Experimental infections:
- subcutaneous inoculation of the organism into guinea pigs produces draining abscesses after 8 days, which heal slowly. Abscesses
are seen in the testes, seminal vesicles, or vagina in 6-7 days after intraperitoneal injection; most animals die after prolonged infection.
- a zebu calf inoculated with
M. farcinogenes died after 84 days with miliary lung lesions (evenly distributed caseous pulmonary nodules
about 2 mm in diameter).
  1. John G. Magee and Alan C. Ward 2012. Family III. Mycobacteriaceae Chester 1897, 63AL in Bergey’s Manual of Systematic
    Bacteriology, Volume Five The Actinobacteria, Part A, Michael Goodfellow & al. (editors), 312-375.
  2. Hamid, M. E. (2012). Epidemiology, pathology, immunology and diagnosis of bovine farcy: A review. Preventive Veterinary
    Medicine, 105(1-2), 1–9. doi:10.1016/j.prevetmed.2012.01.004.

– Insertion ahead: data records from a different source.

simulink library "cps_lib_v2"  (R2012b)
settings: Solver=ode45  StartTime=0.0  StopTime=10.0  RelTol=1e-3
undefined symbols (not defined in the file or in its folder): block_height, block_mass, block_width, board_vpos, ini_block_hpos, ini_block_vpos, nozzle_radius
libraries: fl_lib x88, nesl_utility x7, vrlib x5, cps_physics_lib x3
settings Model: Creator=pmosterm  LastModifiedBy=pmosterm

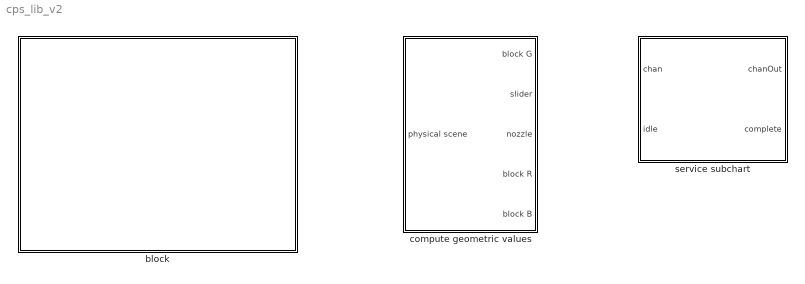
== system cps_lib_v2 ==
  block : Subsystem  mask{ini_block_vpos=ini_block_vpos, ini_block_hpos=ini_block_hpos}
      mask prompts: ini_block_vpos "Initial vertical block position"; ini_block_hpos "Initial horizontal block position"
      mask Display: image(imread('images\geo_ton_blocks_274x212.jpg'));
  compute geometric values : Subsystem
  service subchart : Stateflow chart  TreatAsAtomicUnit=on

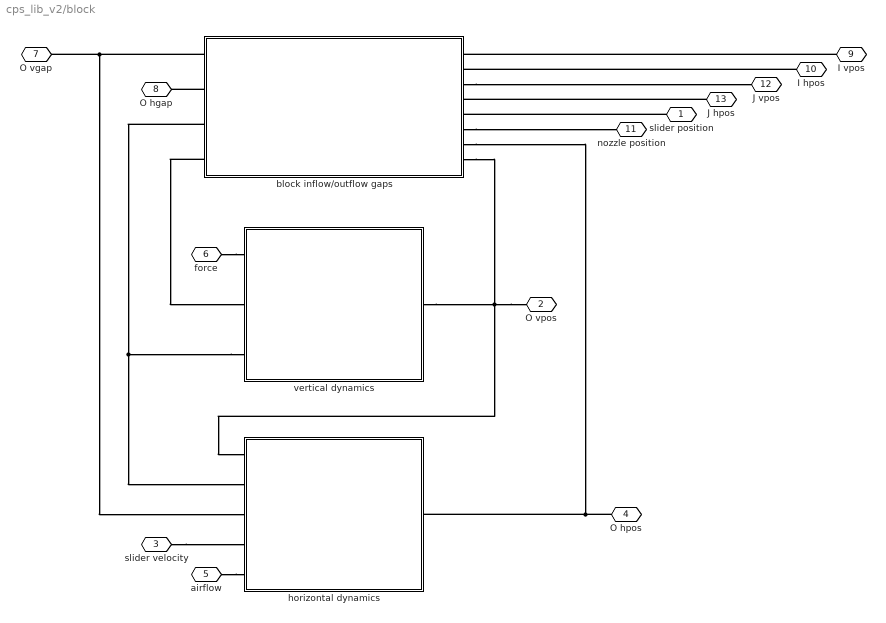
== system cps_lib_v2/block ==
  block inflow/outflow gaps : Subsystem
      settings: OpenFcn=open_system(gcb,'force');
      mask Display: image(imread('images\geo_ton_gaps_256x130.jpg'));
  horizontal dynamics : Subsystem
      settings: OpenFcn=open_system(gcb,'force');
      mask Display: image(imread('images\geo_ton_block_horizontal_176x149.jpg'));
  vertical dynamics : Subsystem
      settings: OpenFcn=open_system(gcb,'force');
      mask Display: image(imread('images\geo_ton_block_vertical_176x150.jpg'));
  slider position : PMIOPort  Port=1  Side=Left
  O vpos : PMIOPort  Port=2  Side=Right
  slider velocity : PMIOPort  Port=3  Side=Left
  O hpos : PMIOPort  Port=4  Side=Right
  airflow : PMIOPort  Port=5  Side=Left
  force : PMIOPort  Port=6  Side=Left
  O vgap : PMIOPort  Port=7  Side=Left
  O hgap : PMIOPort  Port=8  Side=Left
  I vpos : PMIOPort  Port=9  Side=Right
  I hpos : PMIOPort  Port=10  Side=Right
  nozzle position : PMIOPort  Port=11  Side=Left
  J vpos : PMIOPort  Port=12  Side=Right
  J hpos : PMIOPort  Port=13  Side=Right
  connections:
  block inflow/outflow gaps/LConn6 -- nozzle position/RConn1
  slider position/RConn1 -- block inflow/outflow gaps/LConn5
  I hpos/RConn1 -- block inflow/outflow gaps/LConn2
  I vpos/RConn1 -- block inflow/outflow gaps/LConn1
  block inflow/outflow gaps/RConn2 -- O hgap/RConn1
  block inflow/outflow gaps/RConn4 -- vertical dynamics/LConn2
  force/RConn1 -- vertical dynamics/LConn1
  vertical dynamics/LConn3 -- horizontal dynamics/LConn2 -- block inflow/outflow gaps/RConn3
  airflow/RConn1 -- horizontal dynamics/LConn5
  block inflow/outflow gaps/RConn1 -- horizontal dynamics/LConn3 -- O vgap/RConn1
  O vpos/RConn1 -- block inflow/outflow gaps/LConn8 -- horizontal dynamics/LConn1 -- vertical dynamics/RConn1
  horizontal dynamics/RConn1 -- block inflow/outflow gaps/LConn7 -- O hpos/RConn1
  slider velocity/RConn1 -- horizontal dynamics/LConn4
  block inflow/outflow gaps/LConn3 -- J vpos/RConn1
  J hpos/RConn1 -- block inflow/outflow gaps/LConn4

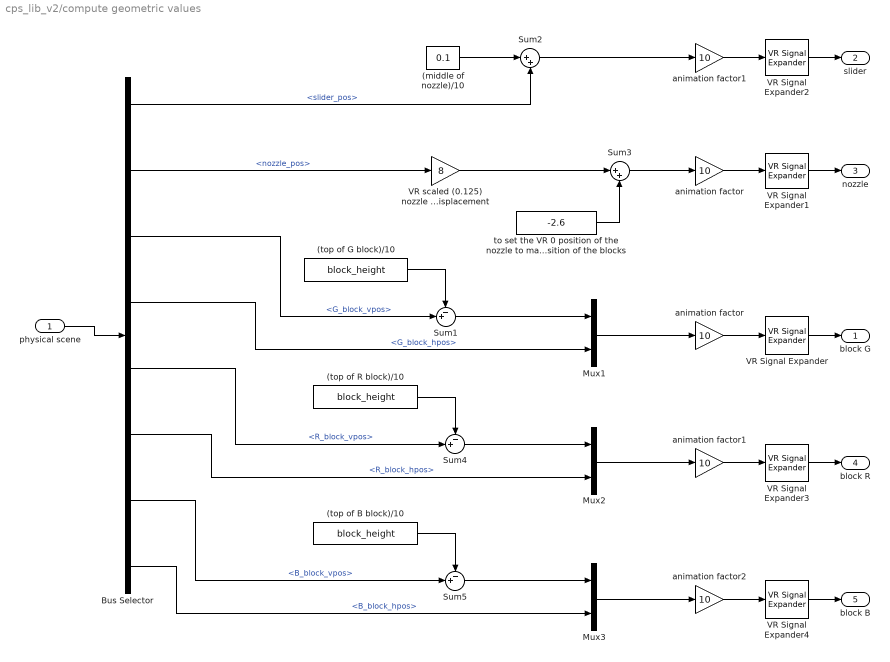
== system cps_lib_v2/compute geometric values ==
  physical scene : Inport  OutDataTypeStr=Bus: slBusGeometry
  " animation factor" : Gain  Gain=10
  " animation factor1" : Gain  Gain=10
  (middle of nozzle)/10 : Constant  Value=0.1
  (top of B block)/10 : Constant  Value=block_height
  (top of G block)/10 : Constant  Value=block_height
  (top of R block)/10 : Constant  Value=block_height
  Bus Selector : BusSelector  OutputSignals=slider_pos,nozzle_pos,G_block_vpos,G_block_hpos,R_block_vpos,R_block_hpos,B_block_vpos,B_block_hpos
  Mux1 : Mux  Inputs=2
  Mux2 : Mux  Inputs=2
  Mux3 : Mux  Inputs=2
  Sum1 : Sum  Inputs=-+|
  Sum2 : Sum  Inputs=|++
  Sum3 : Sum  Inputs=|++
  Sum4 : Sum  Inputs=-+|
  Sum5 : Sum  Inputs=-+|
  VR Signal Expander : vrlib/VR Signal Expander  outwidth=3  outidx=[2 3]
  VR Signal Expander1 : vrlib/VR Signal Expander  outwidth=3  outidx=[2]
  VR Signal Expander2 : vrlib/VR Signal Expander  outwidth=3  outidx=[3]
  VR Signal Expander3 : vrlib/VR Signal Expander  outwidth=3  outidx=[2 3]
  VR Signal Expander4 : vrlib/VR Signal Expander  outwidth=3  outidx=[2 3]
  VR scaled (0.125) nozzle displacement : Gain  Gain=8
  animation factor : Gain  Gain=10
  animation factor1 : Gain  Gain=10
  animation factor2 : Gain  Gain=10
  "to set the VR 0 position of the nozzle to match up with the VR 0 position of the blocks " : Constant  Value=-2.6
  block G : Outport
  slider : Outport  Port=2
  nozzle : Outport  Port=3
  block R : Outport  Port=4
  block B : Outport  Port=5
  wires:
  " animation factor"/1 -> VR Signal Expander1/1
  (middle of nozzle)/10/1 -> Sum2/1
  Bus Selector/1 -> Sum2/2  "<slider_pos>"
  animation factor/1 -> VR Signal Expander/1
  Mux1/1 -> animation factor/1
  Sum2/1 -> " animation factor1"/1
  VR Signal Expander2/1 -> slider/1
  VR Signal Expander1/1 -> nozzle/1
  Bus Selector/4 -> Mux1/2  "<G_block_hpos>"
  VR Signal Expander/1 -> block G/1
  " animation factor1"/1 -> VR Signal Expander2/1
  Sum3/1 -> " animation factor"/1
  Sum1/1 -> Mux1/1
  Bus Selector/3 -> Sum1/2  "<G_block_vpos>"
  Bus Selector/2 -> VR scaled (0.125) nozzle displacement/1  "<nozzle_pos>"
  physical scene/1 -> Bus Selector/1
  animation factor1/1 -> VR Signal Expander3/1
  Mux2/1 -> animation factor1/1
  VR Signal Expander3/1 -> block R/1
  Sum4/1 -> Mux2/1
  Bus Selector/6 -> Mux2/2  "<R_block_hpos>"
  Bus Selector/5 -> Sum4/2  "<R_block_vpos>"
  (top of G block)/10/1 -> Sum1/1
  (top of R block)/10/1 -> Sum4/1
  "to set the VR 0 position of the nozzle to match up with the VR 0 position of the blocks "/1 -> Sum3/2
  VR scaled (0.125) nozzle displacement/1 -> Sum3/1
  animation factor2/1 -> VR Signal Expander4/1
  Mux3/1 -> animation factor2/1
  VR Signal Expander4/1 -> block B/1
  Sum5/1 -> Mux3/1
  (top of B block)/10/1 -> Sum5/1
  Bus Selector/7 -> Sum5/2  "<B_block_vpos>"
  Bus Selector/8 -> Mux3/2  "<B_block_hpos>"

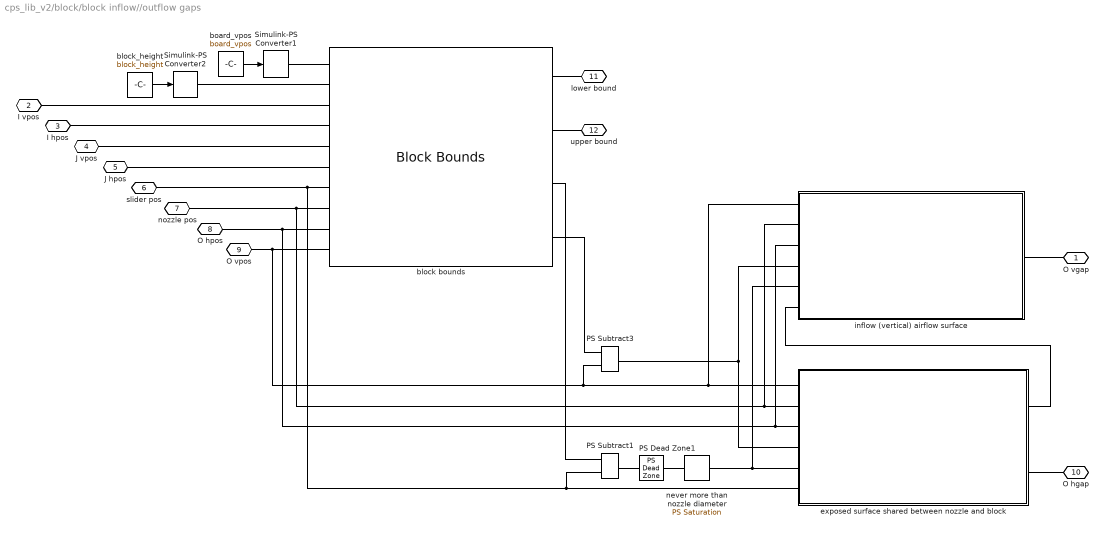
== system cps_lib_v2/block/block inflow//outflow gaps ==
  PS Dead Zone1 : fl_lib/Physical Signals/Nonlinear Operators/PS Dead Zone  upper_limit=0.5*block_width-nozzle_radius  lower_limit=-0.5*block_width+nozzle_radius  LocalVarLogging=[]
  PS Subtract1 : fl_lib/Physical Signals/Functions/PS Subtract  LocalVarLogging=[]
  PS Subtract3 : fl_lib/Physical Signals/Functions/PS Subtract  LocalVarLogging=[]
  Simulink-PS Converter1 : nesl_utility/Simulink-PS Converter  PhysicalDomain=network_engine_domain  LeftPortType=input  RightPortType=output  SubClassName=ps_input  PseudoPeriodic=off  Frequencies=[]  NoiseDistribution=none  NoiseParameters=[]  Unit=1  AffineConversion=off  InputFilterTimeConstant=.001  UdotUserProvided=[]  SimscapeFilterOrder=1  InputFiltering=off
  Simulink-PS Converter2 : nesl_utility/Simulink-PS Converter  PhysicalDomain=network_engine_domain  LeftPortType=input  RightPortType=output  SubClassName=ps_input  PseudoPeriodic=off  Frequencies=[]  NoiseDistribution=none  NoiseParameters=[]  Unit=1  AffineConversion=off  InputFilterTimeConstant=.001  UdotUserProvided=[]  SimscapeFilterOrder=1  InputFiltering=off
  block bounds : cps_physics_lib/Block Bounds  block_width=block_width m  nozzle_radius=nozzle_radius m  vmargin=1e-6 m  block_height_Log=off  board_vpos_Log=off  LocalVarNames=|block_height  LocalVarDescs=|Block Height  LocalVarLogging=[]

  3. Stephen Berger 2019. GIDEON Guide to Medically Important Bacteria, eBook.
  4. Ridell, M., and M. Goodfellow. 1983. Numerical classification of Mycobacterium farcinogenes, Mycobacterium senegalense and
    related taxa. J. Gen. Microbiol. 129:599-611.
  5. El-Sanousi, S. M., and M. A. M. Salih. 1979. Miliary bovine farcy experimentally induced in a zebu calf. Vet. Pathol. 16:372-373.
  6. Chamoiseau G. Etiology of farcy in African bovines: nomenclature of the causal organisms Mycobacterium farcinogenes
    Chamoiseau and Mycobacterium senegalense (Chamoiseau) comb. nov. International Journal of Systematic Bacteriology 1979;
    29:407-410.
  7. Levy-Frebault V, Rafidinarivo E, Prome JC, Grandry J, Boisvert H, David HL. Mycobacterium fallax sp. nov. Int. J. Syst. Bacteriol.
    1983; 33:336-343.
  8. Shojaei H, Daley C, Gitti Z, Hashemi A, Heidarieh P, Moore ER, Naser AD, Russo C, van Ingen J, Tortoli E. Mycobacterium
    iranicum sp. nov., a rapidly growing scotochromogenic species isolated from clinical specimens on three different continents. Int
    J Syst Evol Microbiol 2013; 63:1383-1389.
Positive results for catalase (contradictory reports), semiquantitative catalase test, thermostable catalase (68 ºC), nitrate reduction,
acetamidase, allantoinase, benzamidase, formamidase, nicotinamidase, and isonicotinamidase.
Can utilize citrate, benzoate, and pyruvate.

Negative results for arylsulphatase (10 days), catalase, iron uptake, neutral red test, niacin accumulation, tellurite reduction, and
Tween hydrolysis. No hydrolysis of gelatin, casein, tyrosine, hypoxanthine, or xanthine. No utilization of inositol, sorbitol or malonate.

Variable results for pyrazinamidase, salicylamidase, and urease.